**Exercise directions:** Tell how many lines of the entries below include the string "records". Respond with the number alone.

**Data extracted from a collection:**
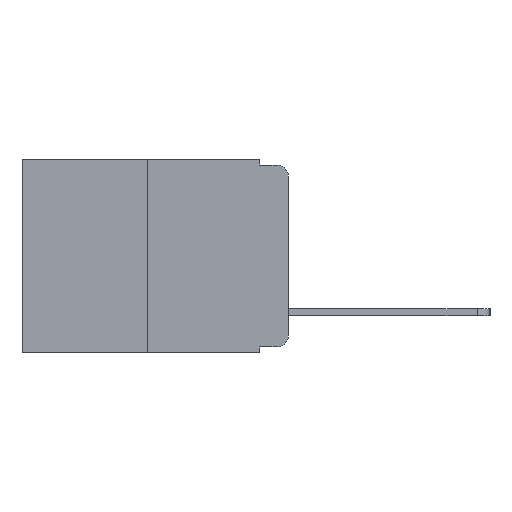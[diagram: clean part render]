
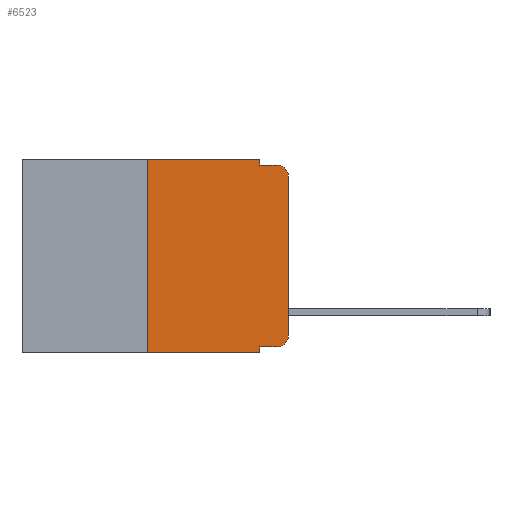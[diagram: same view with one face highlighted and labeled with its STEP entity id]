
A CAD part, left-side view. The second image highlights one B-rep face of the part: STEP entity #6523.
In plain terms, the highlighted planar face has unit normal (-1, 0, 0).
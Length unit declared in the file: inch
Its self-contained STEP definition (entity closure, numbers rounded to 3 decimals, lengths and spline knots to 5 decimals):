
#247 = CIRCLE ( 'NONE', #12202, 0.02 ) ;
#276 = VERTEX_POINT ( 'NONE', #17493 ) ;
#350 = LINE ( 'NONE', #5128, #7691 ) ;
#438 = EDGE_CURVE ( 'NONE', #14400, #8225, #5781, .T. ) ;
#534 = DIRECTION ( 'NONE',  ( 0., -1., 0. ) ) ;
#707 = ORIENTED_EDGE ( 'NONE', *, *, #15155, .T. ) ;
#809 = DIRECTION ( 'NONE',  ( 0., 0., -1. ) ) ;
#857 = EDGE_CURVE ( 'NONE', #4353, #276, #17607, .T. ) ;
#1027 = DIRECTION ( 'NONE',  ( 1., 0., 0. ) ) ;
#1234 = EDGE_CURVE ( 'NONE', #14195, #10215, #247, .T. ) ;
#1409 = VECTOR ( 'NONE', #11386, 39.37008 ) ;
#1795 = DIRECTION ( 'NONE',  ( 0., -1., 0. ) ) ;
#1841 = EDGE_CURVE ( 'NONE', #4353, #11854, #8714, .T. ) ;
#2359 = CARTESIAN_POINT ( 'NONE',  ( 0., 0.25, 0. ) ) ;
#2515 = DIRECTION ( 'NONE',  ( 0., 0., -1. ) ) ;
#2822 = EDGE_CURVE ( 'NONE', #11854, #17908, #11600, .T. ) ;
#3171 = EDGE_CURVE ( 'NONE', #6542, #10215, #9588, .T. ) ;
#3236 = DIRECTION ( 'NONE',  ( -1., 0., 0. ) ) ;
#3510 = CARTESIAN_POINT ( 'NONE',  ( 0., 0.051, 0. ) ) ;
#3895 = DIRECTION ( 'NONE',  ( -1., 0., 0. ) ) ;
#4353 = VERTEX_POINT ( 'NONE', #13351 ) ;
#4774 = CARTESIAN_POINT ( 'NONE',  ( 0., 0.25, -0.343 ) ) ;
#4802 = ORIENTED_EDGE ( 'NONE', *, *, #8087, .F. ) ;
#4847 = DIRECTION ( 'NONE',  ( 0., -1., 0. ) ) ;
#4859 = VECTOR ( 'NONE', #4847, 39.37008 ) ;
#5048 = LINE ( 'NONE', #3510, #16088 ) ;
#5116 = EDGE_CURVE ( 'NONE', #8225, #6542, #5048, .T. ) ;
#5128 = CARTESIAN_POINT ( 'NONE',  ( 0., 0., 0. ) ) ;
#5602 = CARTESIAN_POINT ( 'NONE',  ( 0., 0.051, 0. ) ) ;
#5781 = LINE ( 'NONE', #14940, #4859 ) ;
#6310 = DIRECTION ( 'NONE',  ( 0., 0., -1. ) ) ;
#6314 = CARTESIAN_POINT ( 'NONE',  ( 0., 0.25, 0. ) ) ;
#6523 = ADVANCED_FACE ( 'NONE', ( #11378 ), #14017, .F. ) ;
#6542 = VERTEX_POINT ( 'NONE', #8380 ) ;
#7539 = CARTESIAN_POINT ( 'NONE',  ( 0., 0.02, -0.01 ) ) ;
#7691 = VECTOR ( 'NONE', #16625, 39.37008 ) ;
#8087 = EDGE_CURVE ( 'NONE', #10294, #14400, #18348, .T. ) ;
#8151 = AXIS2_PLACEMENT_3D ( 'NONE', #12575, #3895, #14034 ) ;
#8225 = VERTEX_POINT ( 'NONE', #5602 ) ;
#8235 = DIRECTION ( 'NONE',  ( 0., 0., 1. ) ) ;
#8380 = CARTESIAN_POINT ( 'NONE',  ( 0., 0.051, -0.01 ) ) ;
#8430 = ORIENTED_EDGE ( 'NONE', *, *, #857, .F. ) ;
#8714 = LINE ( 'NONE', #15298, #1409 ) ;
#8880 = CARTESIAN_POINT ( 'NONE',  ( 0., 0.02, -0.333 ) ) ;
#9588 = LINE ( 'NONE', #11944, #13366 ) ;
#10215 = VERTEX_POINT ( 'NONE', #7539 ) ;
#10294 = VERTEX_POINT ( 'NONE', #4774 ) ;
#10883 = VECTOR ( 'NONE', #8235, 39.37008 ) ;
#11215 = DIRECTION ( 'NONE',  ( 0., 0., -1. ) ) ;
#11378 = FACE_OUTER_BOUND ( 'NONE', #11937, .T. ) ;
#11386 = DIRECTION ( 'NONE',  ( 0., -1., 0. ) ) ;
#11600 = CIRCLE ( 'NONE', #8151, 0.02 ) ;
#11854 = VERTEX_POINT ( 'NONE', #8880 ) ;
#11937 = EDGE_LOOP ( 'NONE', ( #707, #16900, #16799, #17421, #16159, #4802, #13094, #8430, #12576, #15376 ) ) ;
#11944 = CARTESIAN_POINT ( 'NONE',  ( 0., 0.051, -0.01 ) ) ;
#12070 = EDGE_CURVE ( 'NONE', #10294, #276, #16989, .T. ) ;
#12202 = AXIS2_PLACEMENT_3D ( 'NONE', #17120, #3236, #2515 ) ;
#12575 = CARTESIAN_POINT ( 'NONE',  ( 0., 0.02, -0.313 ) ) ;
#12576 = ORIENTED_EDGE ( 'NONE', *, *, #1841, .T. ) ;
#13094 = ORIENTED_EDGE ( 'NONE', *, *, #12070, .T. ) ;
#13351 = CARTESIAN_POINT ( 'NONE',  ( 0., 0.051, -0.333 ) ) ;
#13366 = VECTOR ( 'NONE', #1795, 39.37008 ) ;
#13906 = VECTOR ( 'NONE', #809, 39.37008 ) ;
#14017 = PLANE ( 'NONE',  #15733 ) ;
#14034 = DIRECTION ( 'NONE',  ( 0., 0., -1. ) ) ;
#14195 = VERTEX_POINT ( 'NONE', #18656 ) ;
#14400 = VERTEX_POINT ( 'NONE', #6314 ) ;
#14759 = CARTESIAN_POINT ( 'NONE',  ( 0., 0.051, 0. ) ) ;
#14940 = CARTESIAN_POINT ( 'NONE',  ( 0., 0.473, 0. ) ) ;
#14976 = CARTESIAN_POINT ( 'NONE',  ( 0., 0.473, -0.343 ) ) ;
#15155 = EDGE_CURVE ( 'NONE', #17908, #14195, #350, .T. ) ;
#15298 = CARTESIAN_POINT ( 'NONE',  ( 0., 0.051, -0.333 ) ) ;
#15376 = ORIENTED_EDGE ( 'NONE', *, *, #2822, .T. ) ;
#15733 = AXIS2_PLACEMENT_3D ( 'NONE', #18218, #1027, #11215 ) ;
#16088 = VECTOR ( 'NONE', #6310, 39.37008 ) ;
#16159 = ORIENTED_EDGE ( 'NONE', *, *, #438, .F. ) ;
#16552 = VECTOR ( 'NONE', #534, 39.37008 ) ;
#16625 = DIRECTION ( 'NONE',  ( 0., 0., 1. ) ) ;
#16799 = ORIENTED_EDGE ( 'NONE', *, *, #3171, .F. ) ;
#16900 = ORIENTED_EDGE ( 'NONE', *, *, #1234, .T. ) ;
#16989 = LINE ( 'NONE', #14976, #16552 ) ;
#17120 = CARTESIAN_POINT ( 'NONE',  ( 0., 0.02, -0.03 ) ) ;
#17421 = ORIENTED_EDGE ( 'NONE', *, *, #5116, .F. ) ;
#17493 = CARTESIAN_POINT ( 'NONE',  ( 0., 0.051, -0.343 ) ) ;
#17499 = CARTESIAN_POINT ( 'NONE',  ( 0., 0., -0.313 ) ) ;
#17607 = LINE ( 'NONE', #14759, #13906 ) ;
#17908 = VERTEX_POINT ( 'NONE', #17499 ) ;
#18218 = CARTESIAN_POINT ( 'NONE',  ( 0., 0.473, 0. ) ) ;
#18348 = LINE ( 'NONE', #2359, #10883 ) ;
#18656 = CARTESIAN_POINT ( 'NONE',  ( 0., 0., -0.03 ) ) ;
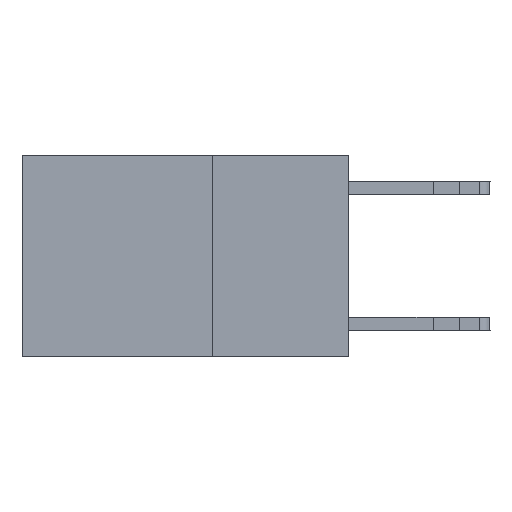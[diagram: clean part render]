
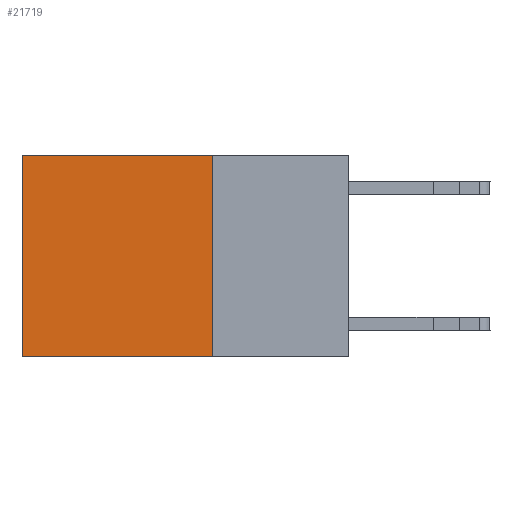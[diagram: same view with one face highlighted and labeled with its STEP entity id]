
A CAD part, left-side view. The second image highlights one B-rep face of the part: STEP entity #21719.
In plain terms, the highlighted planar face has unit normal (-1, 0, 0).
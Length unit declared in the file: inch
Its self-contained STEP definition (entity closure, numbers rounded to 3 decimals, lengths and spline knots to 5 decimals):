
#1343 = EDGE_CURVE ( 'NONE', #14894, #23841, #10793, .T. ) ;
#1410 = DIRECTION ( 'NONE',  ( 0., 1., 0. ) ) ;
#1556 = EDGE_CURVE ( 'NONE', #18105, #14894, #16769, .T. ) ;
#2744 = VERTEX_POINT ( 'NONE', #21525 ) ;
#2833 = EDGE_LOOP ( 'NONE', ( #23660, #17644, #11554, #3526 ) ) ;
#3385 = VECTOR ( 'NONE', #17026, 39.37008 ) ;
#3526 = ORIENTED_EDGE ( 'NONE', *, *, #1556, .T. ) ;
#4035 = CARTESIAN_POINT ( 'NONE',  ( 0.2625, 0.6, -0.37 ) ) ;
#4578 = DIRECTION ( 'NONE',  ( 0., 0., -1. ) ) ;
#4808 = CARTESIAN_POINT ( 'NONE',  ( 0.2625, 0.6, 0. ) ) ;
#6322 = EDGE_CURVE ( 'NONE', #2744, #23841, #17199, .T. ) ;
#6394 = EDGE_CURVE ( 'NONE', #18105, #2744, #10911, .T. ) ;
#8253 = CARTESIAN_POINT ( 'NONE',  ( 0.2625, 0.25, 0. ) ) ;
#8651 = FACE_OUTER_BOUND ( 'NONE', #2833, .T. ) ;
#10434 = DIRECTION ( 'NONE',  ( 0., 0., -1. ) ) ;
#10688 = CARTESIAN_POINT ( 'NONE',  ( 0.2625, 0.25, 0. ) ) ;
#10793 = LINE ( 'NONE', #4808, #24267 ) ;
#10911 = LINE ( 'NONE', #17017, #18136 ) ;
#11554 = ORIENTED_EDGE ( 'NONE', *, *, #6394, .F. ) ;
#12811 = DIRECTION ( 'NONE',  ( 0., 0., -1. ) ) ;
#14257 = PLANE ( 'NONE',  #23118 ) ;
#14894 = VERTEX_POINT ( 'NONE', #21167 ) ;
#15162 = CARTESIAN_POINT ( 'NONE',  ( 0.2625, 0.25, -0.37 ) ) ;
#16769 = LINE ( 'NONE', #17157, #3385 ) ;
#17017 = CARTESIAN_POINT ( 'NONE',  ( 0.2625, 0.25, 0. ) ) ;
#17026 = DIRECTION ( 'NONE',  ( 0., 1., 0. ) ) ;
#17157 = CARTESIAN_POINT ( 'NONE',  ( 0.2625, 0.25, 0. ) ) ;
#17199 = LINE ( 'NONE', #15162, #23459 ) ;
#17644 = ORIENTED_EDGE ( 'NONE', *, *, #6322, .F. ) ;
#18105 = VERTEX_POINT ( 'NONE', #8253 ) ;
#18136 = VECTOR ( 'NONE', #12811, 39.37008 ) ;
#21167 = CARTESIAN_POINT ( 'NONE',  ( 0.2625, 0.6, 0. ) ) ;
#21525 = CARTESIAN_POINT ( 'NONE',  ( 0.2625, 0.25, -0.37 ) ) ;
#21719 = ADVANCED_FACE ( 'NONE', ( #8651 ), #14257, .F. ) ;
#22046 = DIRECTION ( 'NONE',  ( 1., 0., 0. ) ) ;
#23118 = AXIS2_PLACEMENT_3D ( 'NONE', #10688, #22046, #4578 ) ;
#23459 = VECTOR ( 'NONE', #1410, 39.37008 ) ;
#23660 = ORIENTED_EDGE ( 'NONE', *, *, #1343, .T. ) ;
#23841 = VERTEX_POINT ( 'NONE', #4035 ) ;
#24267 = VECTOR ( 'NONE', #10434, 39.37008 ) ;
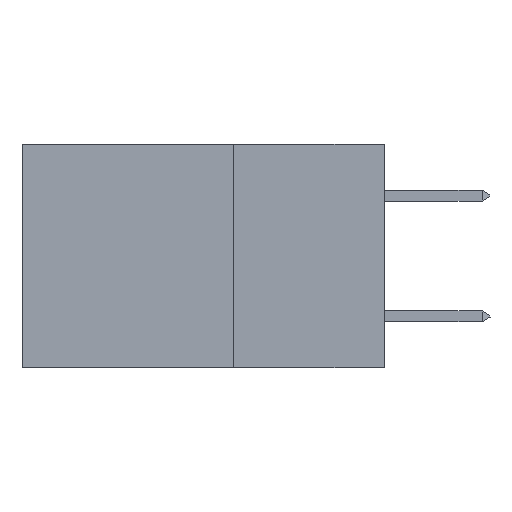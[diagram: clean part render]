
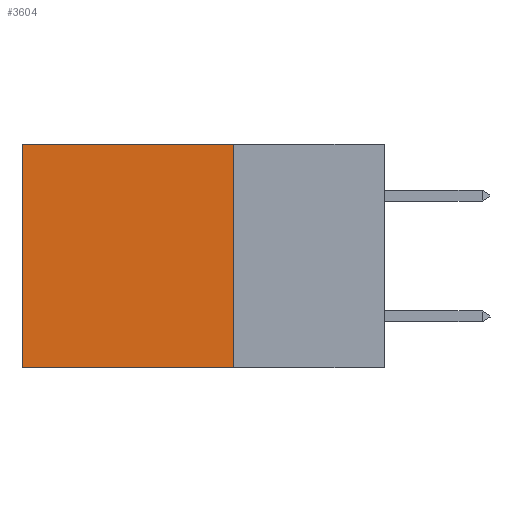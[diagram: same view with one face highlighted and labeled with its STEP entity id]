
A CAD part, left-side view. The second image highlights one B-rep face of the part: STEP entity #3604.
In plain terms, the highlighted planar face has unit normal (-1, 0, 0).
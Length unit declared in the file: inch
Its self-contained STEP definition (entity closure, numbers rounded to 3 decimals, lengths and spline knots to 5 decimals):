
#428 = LINE ( 'NONE', #17269, #20212 ) ;
#734 = FACE_OUTER_BOUND ( 'NONE', #10406, .T. ) ;
#779 = DIRECTION ( 'NONE',  ( 0., 1., 0. ) ) ;
#1433 = VECTOR ( 'NONE', #779, 39.37008 ) ;
#3215 = DIRECTION ( 'NONE',  ( 0., 1., 0. ) ) ;
#3604 = ADVANCED_FACE ( 'NONE', ( #734 ), #3799, .F. ) ;
#3799 = PLANE ( 'NONE',  #5693 ) ;
#5332 = VERTEX_POINT ( 'NONE', #23121 ) ;
#5693 = AXIS2_PLACEMENT_3D ( 'NONE', #11004, #12881, #5914 ) ;
#5914 = DIRECTION ( 'NONE',  ( 0., 0., -1. ) ) ;
#6820 = LINE ( 'NONE', #18727, #1433 ) ;
#7075 = CARTESIAN_POINT ( 'NONE',  ( 0.2875, 0.25, -0.37 ) ) ;
#7429 = LINE ( 'NONE', #7075, #17326 ) ;
#7560 = DIRECTION ( 'NONE',  ( 0., 0., -1. ) ) ;
#8288 = ORIENTED_EDGE ( 'NONE', *, *, #16619, .F. ) ;
#9270 = EDGE_CURVE ( 'NONE', #13489, #15001, #6820, .T. ) ;
#10406 = EDGE_LOOP ( 'NONE', ( #20153, #18655, #8288, #19842 ) ) ;
#10527 = CARTESIAN_POINT ( 'NONE',  ( 0.2875, 0.6, -0.37 ) ) ;
#11004 = CARTESIAN_POINT ( 'NONE',  ( 0.2875, 0.25, 0. ) ) ;
#12881 = DIRECTION ( 'NONE',  ( 1., 0., 0. ) ) ;
#12931 = CARTESIAN_POINT ( 'NONE',  ( 0.2875, 0.6, 0. ) ) ;
#12945 = EDGE_CURVE ( 'NONE', #5332, #21362, #7429, .T. ) ;
#13359 = EDGE_CURVE ( 'NONE', #15001, #21362, #21294, .T. ) ;
#13489 = VERTEX_POINT ( 'NONE', #17109 ) ;
#15001 = VERTEX_POINT ( 'NONE', #23014 ) ;
#16619 = EDGE_CURVE ( 'NONE', #13489, #5332, #428, .T. ) ;
#17109 = CARTESIAN_POINT ( 'NONE',  ( 0.2875, 0.25, 0. ) ) ;
#17269 = CARTESIAN_POINT ( 'NONE',  ( 0.2875, 0.25, 0. ) ) ;
#17326 = VECTOR ( 'NONE', #3215, 39.37008 ) ;
#18655 = ORIENTED_EDGE ( 'NONE', *, *, #12945, .F. ) ;
#18727 = CARTESIAN_POINT ( 'NONE',  ( 0.2875, 0.25, 0. ) ) ;
#19074 = DIRECTION ( 'NONE',  ( 0., 0., -1. ) ) ;
#19842 = ORIENTED_EDGE ( 'NONE', *, *, #9270, .T. ) ;
#20101 = VECTOR ( 'NONE', #7560, 39.37008 ) ;
#20153 = ORIENTED_EDGE ( 'NONE', *, *, #13359, .T. ) ;
#20212 = VECTOR ( 'NONE', #19074, 39.37008 ) ;
#21294 = LINE ( 'NONE', #12931, #20101 ) ;
#21362 = VERTEX_POINT ( 'NONE', #10527 ) ;
#23014 = CARTESIAN_POINT ( 'NONE',  ( 0.2875, 0.6, 0. ) ) ;
#23121 = CARTESIAN_POINT ( 'NONE',  ( 0.2875, 0.25, -0.37 ) ) ;
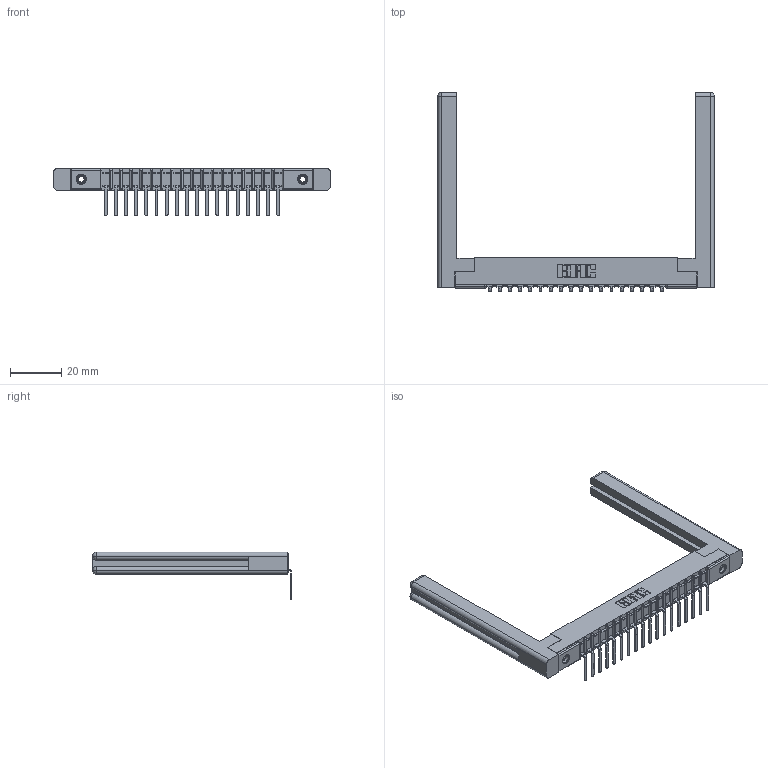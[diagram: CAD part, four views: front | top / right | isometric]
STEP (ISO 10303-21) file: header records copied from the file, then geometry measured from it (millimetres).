
FILE_DESCRIPTION (( 'STEP AP203' ), '1' );
FILE_NAME ('307-018-557-158.STEP', '2019-09-04T22:27:33', ( '' ), ( '' ), 'SwSTEP 2.0', 'SolidWorks 2016', '' );
FILE_SCHEMA (( 'CONFIG_CONTROL_DESIGN' ));
Length unit declared in the file: inch
Products named in the file (5): 307-220-058; 307-290-002_557; 307 Part_.156 Dia Mounting Holes; 307-018-557-158; 345-250-001_345-250-001-102
Assembly tree (23 placements, depth 2):
  307-018-557-158
    307 Part_.156 Dia Mounting Holes
    307-290-002_557  x18
    307-220-058  x2
    345-250-001_345-250-001-102  x2
Bounding box: 107.95 x 77.64 x 18.67 mm (x, y, z)
Volume: 14851.5 mm3; surface area: 18145.5 mm2
Topology: 23 solids, 23 shells, 1683 faces, 5069 edges, 3314 vertices
Faces by surface type: plane 1000, cylinder 621, sphere 38, torus 12, cone 12
Entity records: 21877 total; most frequent: CARTESIAN_POINT 3695, ORIENTED_EDGE 3624, DIRECTION 3562, EDGE_CURVE 1812, VECTOR 1372, LINE 1372, VERTEX_POINT 1174, AXIS2_PLACEMENT_3D 1095

**Expected output:** 2